Archeologists uncover the truth at Nazi death camp Sobibor

By Martin Smith | 25 September 2014
Excavations at Sobibor. Pic credit: Emory University

Excavations at Sobibor. Pic credit: Emory University

Over the last five years a team of archeologists led by Yoram Haimi and Wojciech Mazurek have been excavating the Nazis’ death camp at Sobibor in Poland – now they have reached the remains of previously hidden gas chambers.

What they have found has fundamentally transformed our understanding of the camp, including evidence that more people may have died at Sobibor than previously thought. It was estimated that 250,000 people perished there, that figure is now being revised to 360,000.

Between 1941 and 1944 the Nazis attempted to find a “final solution to the Jewish problem”,creating a program of extermination that killed millions.

More than half of the victims were murdered in six killing centres: Auschwitz-Birkenau and Chełmno in western Poland and Treblinka, Sobibór, Majdanek and Bełżec in eastern Poland.

Although historical research on the “Final Solution” has been and continues to be very intensive, the archaeology of the extermination centres has been very limited in its scope. All the sites of the former extermination centres have been turned into heritage centres featuring museums and memorials.

This has made serious investigation of the sites very difficult. However over the past 10 years it has been possible to carry out excavations at two killing centres – Treblinka and Sobibór.

The archeological team at Sobibor have also discovered another encampment that was not located where originally thought and uncovered an internal train route within the camp.

They have dug up mounds of bullets at killing sites, utensils from where the camp kitchen was located and the swastika insignia of a Nazi officer.

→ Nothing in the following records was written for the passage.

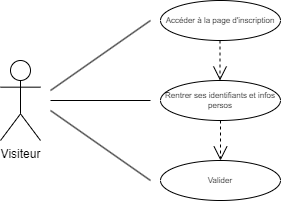

The diagram above was exported from draw.io. Its source (the exported page's mxGraphModel, read from the mxfile embedded in the PNG):
<mxGraphModel dx="1050" dy="541" grid="1" gridSize="10" guides="1" tooltips="1" connect="1" arrows="1" fold="1" page="1" pageScale="1" pageWidth="827" pageHeight="1169" math="0" shadow="0">
  <root>
    <mxCell id="0" />
    <mxCell id="1" parent="0" />
    <mxCell id="RQQ5zrur3Fn3PoQKntbM-1" value="Visiteur" style="shape=umlActor;verticalLabelPosition=bottom;verticalAlign=top;html=1;outlineConnect=0;" parent="1" vertex="1">
      <mxGeometry x="280" y="320" width="40" height="80" as="geometry" />
    </mxCell>
    <mxCell id="RQQ5zrur3Fn3PoQKntbM-2" value="Accéder à la page d'inscription" style="ellipse;whiteSpace=wrap;html=1;fontSize=8;" parent="1" vertex="1">
      <mxGeometry x="440" y="260" width="120" height="40" as="geometry" />
    </mxCell>
    <mxCell id="RQQ5zrur3Fn3PoQKntbM-3" value="Valider" style="ellipse;whiteSpace=wrap;html=1;fontSize=8;" parent="1" vertex="1">
      <mxGeometry x="440" y="420" width="120" height="40" as="geometry" />
    </mxCell>
    <mxCell id="RQQ5zrur3Fn3PoQKntbM-4" value="Rentrer ses identifiants et infos persos" style="ellipse;whiteSpace=wrap;html=1;fontSize=8;" parent="1" vertex="1">
      <mxGeometry x="440" y="340" width="120" height="40" as="geometry" />
    </mxCell>
    <mxCell id="RQQ5zrur3Fn3PoQKntbM-5" value="" style="endArrow=none;html=1;rounded=0;" parent="1" edge="1">
      <mxGeometry relative="1" as="geometry">
        <mxPoint x="330" y="350" as="sourcePoint" />
        <mxPoint x="430" y="280" as="targetPoint" />
      </mxGeometry>
    </mxCell>
    <mxCell id="RQQ5zrur3Fn3PoQKntbM-6" value="" style="endArrow=none;html=1;rounded=0;" parent="1" edge="1">
      <mxGeometry relative="1" as="geometry">
        <mxPoint x="330" y="370" as="sourcePoint" />
        <mxPoint x="430" y="440" as="targetPoint" />
      </mxGeometry>
    </mxCell>
    <mxCell id="RQQ5zrur3Fn3PoQKntbM-7" value="" style="endArrow=none;html=1;rounded=0;" parent="1" edge="1">
      <mxGeometry relative="1" as="geometry">
        <mxPoint x="330" y="360" as="sourcePoint" />
        <mxPoint x="430" y="360" as="targetPoint" />
      </mxGeometry>
    </mxCell>
    <mxCell id="RQQ5zrur3Fn3PoQKntbM-8" value="" style="endArrow=open;endSize=12;dashed=1;html=1;rounded=0;fontSize=8;entryX=0.5;entryY=0;entryDx=0;entryDy=0;exitX=0.5;exitY=1;exitDx=0;exitDy=0;" parent="1" source="RQQ5zrur3Fn3PoQKntbM-4" target="RQQ5zrur3Fn3PoQKntbM-3" edge="1">
      <mxGeometry width="160" relative="1" as="geometry">
        <mxPoint x="390" y="350" as="sourcePoint" />
        <mxPoint x="550" y="350" as="targetPoint" />
      </mxGeometry>
    </mxCell>
    <mxCell id="RQQ5zrur3Fn3PoQKntbM-9" value="" style="endArrow=open;endSize=12;dashed=1;html=1;rounded=0;fontSize=8;entryX=0.5;entryY=0;entryDx=0;entryDy=0;exitX=0.5;exitY=1;exitDx=0;exitDy=0;" parent="1" edge="1">
      <mxGeometry width="160" relative="1" as="geometry">
        <mxPoint x="499.5" y="300" as="sourcePoint" />
        <mxPoint x="499.5" y="340" as="targetPoint" />
      </mxGeometry>
    </mxCell>
  </root>
</mxGraphModel>

Their digs have found thousands of personal items belonging to the victims: eye glasses, perfume bottles, dentures, rings, watches, a child’s Mickey Mouse pin, a diamond-studded gold chain, a pair of gold earrings inscribed ER — apparently the owner’s initials — and a silver medallion engraved with the name “Hanna”.

The archeologists have also uncovered a unique version of the yellow star Jews were forced to wear by the Nazis, made out of metal instead of cloth, which researchers determined to have originated in Slovakia.

Sobibor was the site of a heroic uprising by prisoners in October 1943. The Jewish inmates killed SS men with axes and knives, cut telegraph and electric wires and set the death camp ablaze. Hundreds of prisoners escaped. After the uprising, the Nazis tried to erase all traces of Sobibor’s existence, literally burying the evidence of their crimes.